With care, because their previous encounter suggested he might have a short fuse, she said,
"You're the geologist, Dr. Beynac. Could the local rock have unusual properties?"
"It does not," he declared. "I investigated the area myself, two years ago. When the deposit was found, a student of mine, a good young man, he studied more precisely. If we had seen possible trouble, we would have warned." Free of extreme stress, he spoke English with an accent mostly in the vowels and the lilt.
"Of course," she said. "What I mean is seismic-type waves. How do they transmit hereabouts?"
"Hein? Moonquakes are negligible, of scientific interest only."
"I know. But I'm wondering how the shock wave from the impact might have arrived."
"Not enough to knock anything down," he snorted. "You saw."
Dagny bridled. "Yes. I also saw what did get wrecked. Forces had to cause that. Where'd they come from? The impact.
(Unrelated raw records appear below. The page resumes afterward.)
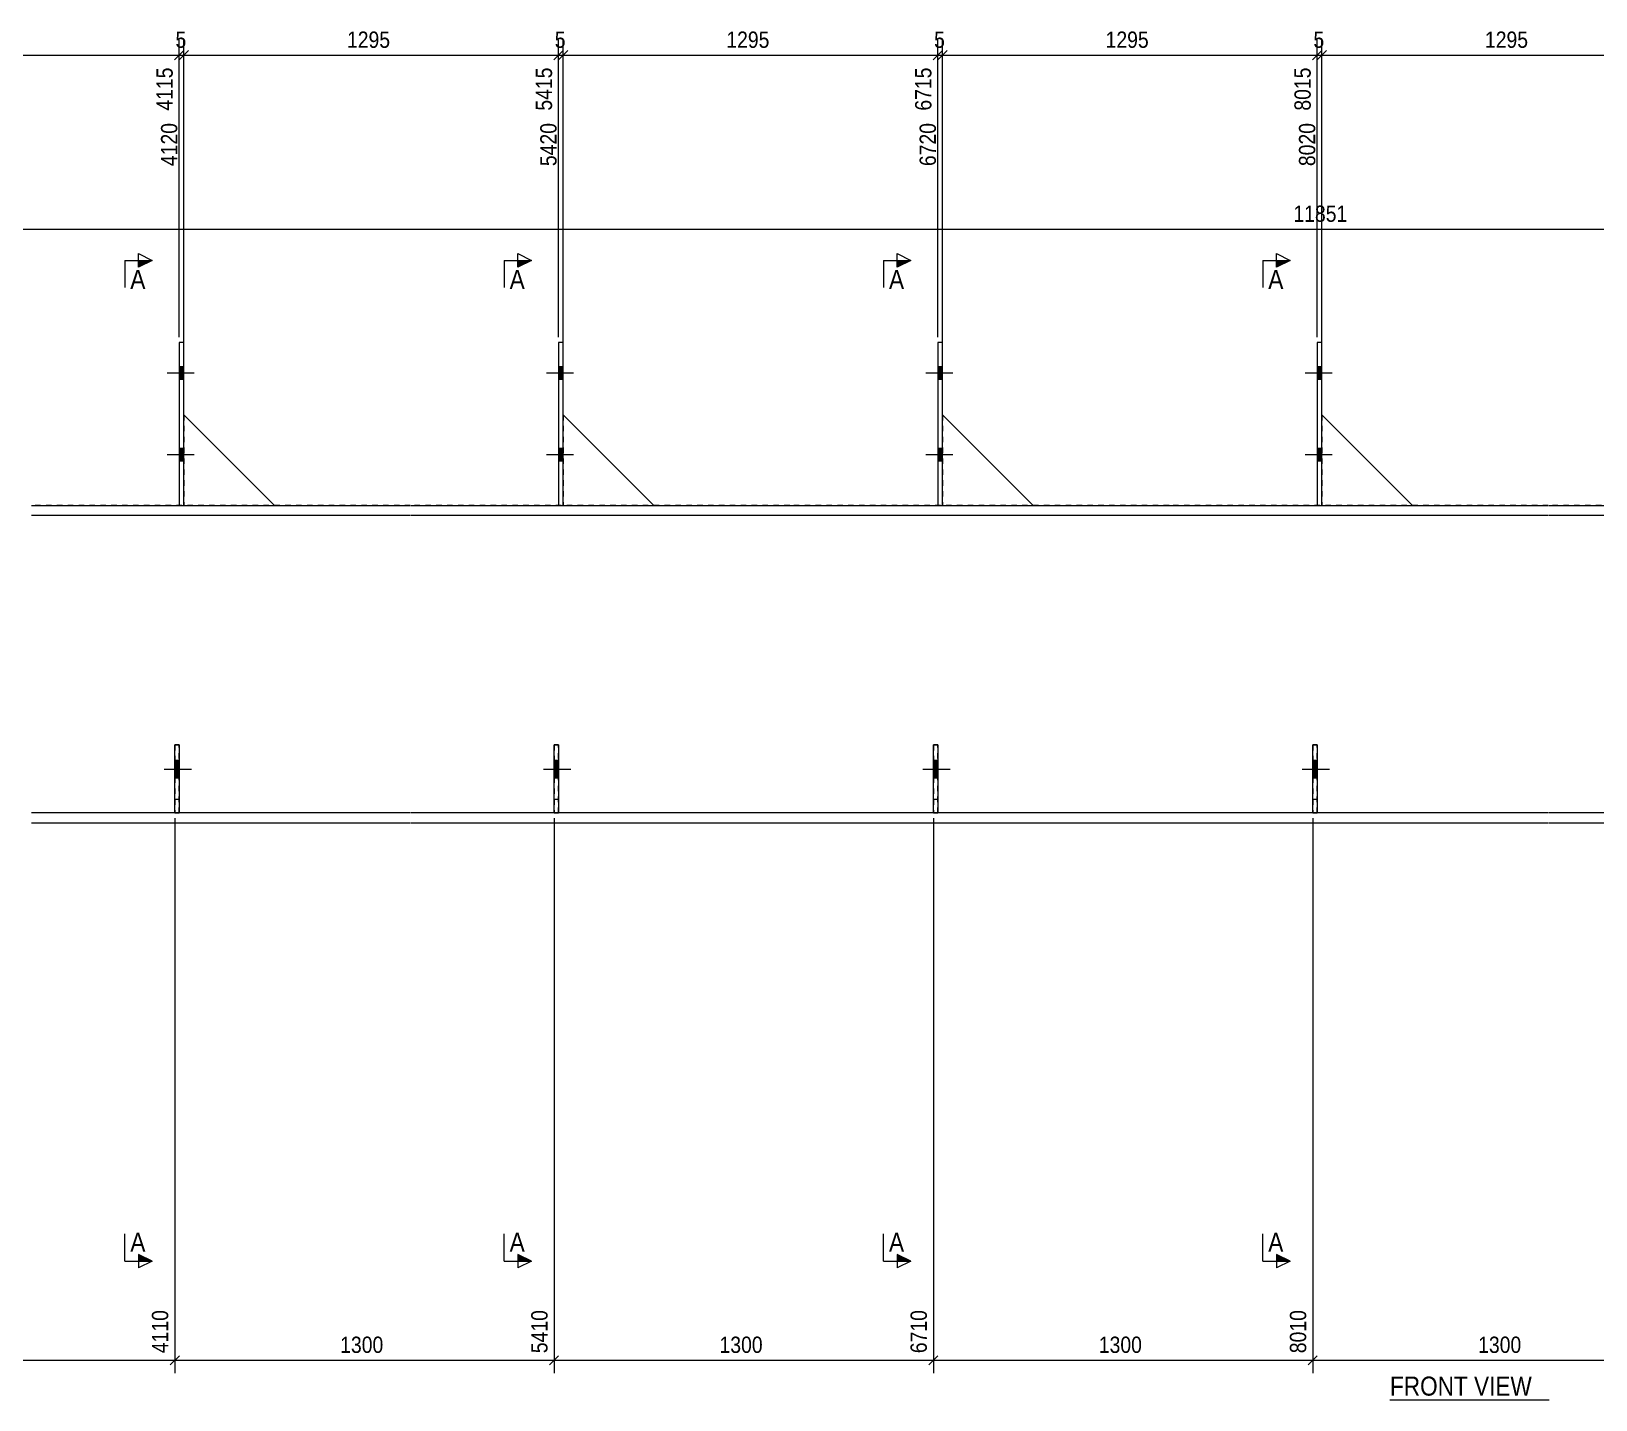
# Model space of a CAD drawing. Header units: millimetres. Extents: x 2 to 1174, y 1 to 825.
# Drawn here: x 330.4 to 618.1, y 269.8 to 521.4 of the extents above; entities that cross this region are included whole.
import ezdxf

# ---------------------------------------------------------------- set-up
doc = ezdxf.new("R2010")
doc.units = ezdxf.units.MM
for name, pattern in [('XKITLINE00', [0]), ('XKITLINE01', [4, 1, -1, 1, -1]), ('XKITLINE02', [4, 2, -2])]:
    doc.linetypes.add(name, pattern=pattern)
for name, color, linetype, lineweight in [('Bolt', 3, 'Continuous', 0), ('Dimensions', 7, 'Continuous', 0), ('OtherObjectType', 7, 'Continuous', 0), ('Part', 2, 'Continuous', 0), ('Section', 6, 'Continuous', 0)]:
    doc.layers.add(name, color=color, linetype=linetype, lineweight=lineweight)
doc.styles.add('ARIAL', font='ARIAL.TTF')

# ---------------------------------------------------------------- blocks, each defined once
blk = doc.blocks.new('*A17')
at = {"layer": 'Part', "color": 2, "linetype": 'XKITLINE00', "lineweight": 0}
blk.add_line((584.4, 434.18), (567.74, 450.85), dxfattribs=at)
at = {"layer": 'Part', "color": 7, "linetype": 'XKITLINE01', "lineweight": 0}
for p, q in [((567.74, 450.85), (567.74, 434.18)), ((567.74, 434.18), (584.4, 434.18))]:
    blk.add_line(p, q, dxfattribs=at)
blk = doc.blocks.new('*A18')
at = {"layer": 'Part', "color": 2, "linetype": 'XKITLINE00', "lineweight": 0}
for p, q in [((567.74, 464.18), (566.9, 464.18)), ((566.9, 464.18), (566.9, 434.18)), ((567.74, 434.18), (567.74, 464.18))]:
    blk.add_line(p, q, dxfattribs=at)
at = {"layer": 'Part', "color": 7, "linetype": 'XKITLINE01', "lineweight": 0}
blk.add_line((566.9, 434.18), (567.74, 434.18), dxfattribs=at)
blk = doc.blocks.new('*A19')
at = {"layer": 'Part', "color": 2, "linetype": 'XKITLINE00', "lineweight": 0}
blk.add_line((514.64, 434.18), (497.97, 450.85), dxfattribs=at)
at = {"layer": 'Part', "color": 7, "linetype": 'XKITLINE01', "lineweight": 0}
for p, q in [((497.97, 450.85), (497.97, 434.18)), ((497.97, 434.18), (514.64, 434.18))]:
    blk.add_line(p, q, dxfattribs=at)
blk = doc.blocks.new('*A20')
at = {"layer": 'Part', "color": 2, "linetype": 'XKITLINE00', "lineweight": 0}
for p, q in [((497.97, 464.18), (497.14, 464.18)), ((497.14, 464.18), (497.14, 434.18)), ((497.97, 434.18), (497.97, 464.18))]:
    blk.add_line(p, q, dxfattribs=at)
at = {"layer": 'Part', "color": 7, "linetype": 'XKITLINE01', "lineweight": 0}
blk.add_line((497.14, 434.18), (497.97, 434.18), dxfattribs=at)
blk = doc.blocks.new('*A21')
at = {"layer": 'Part', "color": 2, "linetype": 'XKITLINE00', "lineweight": 0}
blk.add_line((444.87, 434.18), (428.2, 450.85), dxfattribs=at)
at = {"layer": 'Part', "color": 7, "linetype": 'XKITLINE01', "lineweight": 0}
for p, q in [((428.2, 450.85), (428.2, 434.18)), ((428.2, 434.18), (444.87, 434.18))]:
    blk.add_line(p, q, dxfattribs=at)
blk = doc.blocks.new('*A22')
at = {"layer": 'Part', "color": 2, "linetype": 'XKITLINE00', "lineweight": 0}
for p, q in [((428.2, 464.18), (427.37, 464.18)), ((427.37, 464.18), (427.37, 434.18)), ((428.2, 434.18), (428.2, 464.18))]:
    blk.add_line(p, q, dxfattribs=at)
at = {"layer": 'Part', "color": 7, "linetype": 'XKITLINE01', "lineweight": 0}
blk.add_line((427.37, 434.18), (428.2, 434.18), dxfattribs=at)
blk = doc.blocks.new('*A23')
at = {"layer": 'Part', "color": 2, "linetype": 'XKITLINE00', "lineweight": 0}
blk.add_line((375.1, 434.18), (358.44, 450.85), dxfattribs=at)
at = {"layer": 'Part', "color": 7, "linetype": 'XKITLINE01', "lineweight": 0}
for p, q in [((358.44, 450.85), (358.44, 434.18)), ((358.44, 434.18), (375.1, 434.18))]:
    blk.add_line(p, q, dxfattribs=at)
blk = doc.blocks.new('*A24')
at = {"layer": 'Part', "color": 2, "linetype": 'XKITLINE00', "lineweight": 0}
for p, q in [((358.44, 464.18), (357.6, 464.18)), ((357.6, 464.18), (357.6, 434.18)), ((358.44, 434.18), (358.44, 464.18))]:
    blk.add_line(p, q, dxfattribs=at)
at = {"layer": 'Part', "color": 7, "linetype": 'XKITLINE01', "lineweight": 0}
blk.add_line((357.6, 434.18), (358.44, 434.18), dxfattribs=at)
blk = doc.blocks.new('*A33')
at = {"layer": 'Part', "color": 7, "linetype": 'XKITLINE01', "lineweight": 0}
for p, q in [((566.07, 390.18), (566.07, 377.68)), ((566.9, 390.18), (566.07, 390.18)), ((566.9, 377.68), (566.9, 390.18)), ((566.07, 380.18), (566.9, 380.18)), ((566.07, 377.68), (566.9, 377.68))]:
    blk.add_line(p, q, dxfattribs=at)
blk = doc.blocks.new('*A34')
at = {"layer": 'Part', "color": 7, "linetype": 'XKITLINE01', "lineweight": 0}
for p, q in [((496.3, 390.18), (496.3, 377.68)), ((497.14, 390.18), (496.3, 390.18)), ((497.14, 377.68), (497.14, 390.18)), ((496.3, 380.18), (497.14, 380.18)), ((496.3, 377.68), (497.14, 377.68))]:
    blk.add_line(p, q, dxfattribs=at)
blk = doc.blocks.new('*A35')
at = {"layer": 'Part', "color": 7, "linetype": 'XKITLINE01', "lineweight": 0}
for p, q in [((426.54, 390.18), (426.54, 377.68)), ((427.37, 390.18), (426.54, 390.18)), ((427.37, 377.68), (427.37, 390.18)), ((426.54, 380.18), (427.37, 380.18)), ((426.54, 377.68), (427.37, 377.68))]:
    blk.add_line(p, q, dxfattribs=at)
blk = doc.blocks.new('*A36')
at = {"layer": 'Part', "color": 7, "linetype": 'XKITLINE01', "lineweight": 0}
for p, q in [((356.77, 390.18), (356.77, 377.68)), ((357.6, 390.18), (356.77, 390.18)), ((357.6, 377.68), (357.6, 390.18)), ((356.77, 380.18), (357.6, 380.18)), ((356.77, 377.68), (357.6, 377.68))]:
    blk.add_line(p, q, dxfattribs=at)
blk = doc.blocks.new('*A47')
at = {"layer": 'Part', "color": 2, "linetype": 'XKITLINE00', "lineweight": 0}
for p, q in [((356.77, 377.68), (356.77, 390.18)), ((356.77, 390.18), (357.6, 390.18)), ((357.6, 390.18), (357.6, 377.68))]:
    blk.add_line(p, q, dxfattribs=at)
at = {"layer": 'Part', "color": 7, "linetype": 'XKITLINE01', "lineweight": 0}
for p, q in [((356.77, 380.18), (357.6, 380.18)), ((357.6, 377.68), (356.77, 377.68))]:
    blk.add_line(p, q, dxfattribs=at)
blk = doc.blocks.new('*A48')
at = {"layer": 'Part', "color": 2, "linetype": 'XKITLINE00', "lineweight": 0}
for p, q in [((426.54, 377.68), (426.54, 390.18)), ((426.54, 390.18), (427.37, 390.18)), ((427.37, 390.18), (427.37, 377.68))]:
    blk.add_line(p, q, dxfattribs=at)
at = {"layer": 'Part', "color": 7, "linetype": 'XKITLINE01', "lineweight": 0}
for p, q in [((426.54, 380.18), (427.37, 380.18)), ((427.37, 377.68), (426.54, 377.68))]:
    blk.add_line(p, q, dxfattribs=at)
blk = doc.blocks.new('*A49')
at = {"layer": 'Part', "color": 2, "linetype": 'XKITLINE00', "lineweight": 0}
for p, q in [((496.3, 377.68), (496.3, 390.18)), ((496.3, 390.18), (497.14, 390.18)), ((497.14, 390.18), (497.14, 377.68))]:
    blk.add_line(p, q, dxfattribs=at)
at = {"layer": 'Part', "color": 7, "linetype": 'XKITLINE01', "lineweight": 0}
for p, q in [((496.3, 380.18), (497.14, 380.18)), ((497.14, 377.68), (496.3, 377.68))]:
    blk.add_line(p, q, dxfattribs=at)
blk = doc.blocks.new('*A50')
at = {"layer": 'Part', "color": 2, "linetype": 'XKITLINE00', "lineweight": 0}
for p, q in [((566.07, 377.68), (566.07, 390.18)), ((566.07, 390.18), (566.9, 390.18)), ((566.9, 390.18), (566.9, 377.68))]:
    blk.add_line(p, q, dxfattribs=at)
at = {"layer": 'Part', "color": 7, "linetype": 'XKITLINE01', "lineweight": 0}
for p, q in [((566.07, 380.18), (566.9, 380.18)), ((566.9, 377.68), (566.07, 377.68))]:
    blk.add_line(p, q, dxfattribs=at)
blk = doc.blocks.new('*A62')
at = {"layer": 'Bolt'}
for points in [[(566.9, 459.68), (567.74, 459.68), (567.74, 457.35), (566.9, 457.35)], [(566.9, 459.68), (567.74, 459.68), (567.74, 457.35), (566.9, 457.35)], [(566.9, 444.68), (567.74, 444.68), (567.74, 442.35), (566.9, 442.35)], [(566.9, 444.68), (567.74, 444.68), (567.74, 442.35), (566.9, 442.35)]]:
    blk.add_hatch(color=3, dxfattribs=at).paths.add_polyline_path(points, flags=17)
at = {"layer": 'Bolt', "color": 3, "linetype": 'XKITLINE00', "lineweight": 0}
for p, q in [((569.67, 458.52), (564.67, 458.52)), ((569.67, 458.52), (564.67, 458.52)), ((567.74, 459.68), (566.9, 459.68)), ((567.74, 459.68), (566.9, 459.68)), ((567.74, 457.35), (566.9, 457.35)), ((567.74, 457.35), (566.9, 457.35)), ((569.67, 443.52), (564.67, 443.52)), ((569.67, 443.52), (564.67, 443.52)), ((567.74, 444.68), (566.9, 444.68)), ((567.74, 444.68), (566.9, 444.68)), ((567.74, 442.35), (566.9, 442.35)), ((567.74, 442.35), (566.9, 442.35))]:
    blk.add_line(p, q, dxfattribs=at)
blk = doc.blocks.new('*A63')
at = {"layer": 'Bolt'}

How'd they get here? Through the ground." Impulsively: "That should be obvious enough for anyone."
He didn't explode. Instead, his gaze grew intent and he murmured, "You have a hypothesis?"
"Fancy word for a wild-ass guess," Dagny admitted. "Still, I have been thinking. How's this sound?" She addressed Fuentes as well, and especially Guthrie. "A resonant frequency set that particular pylon vibrating. This in tun? sent a wave along the cable and made the gondola pendulum. If there was a rock layer down below that reflected the shock, the impulse would be repeated and the oscillations go crazy."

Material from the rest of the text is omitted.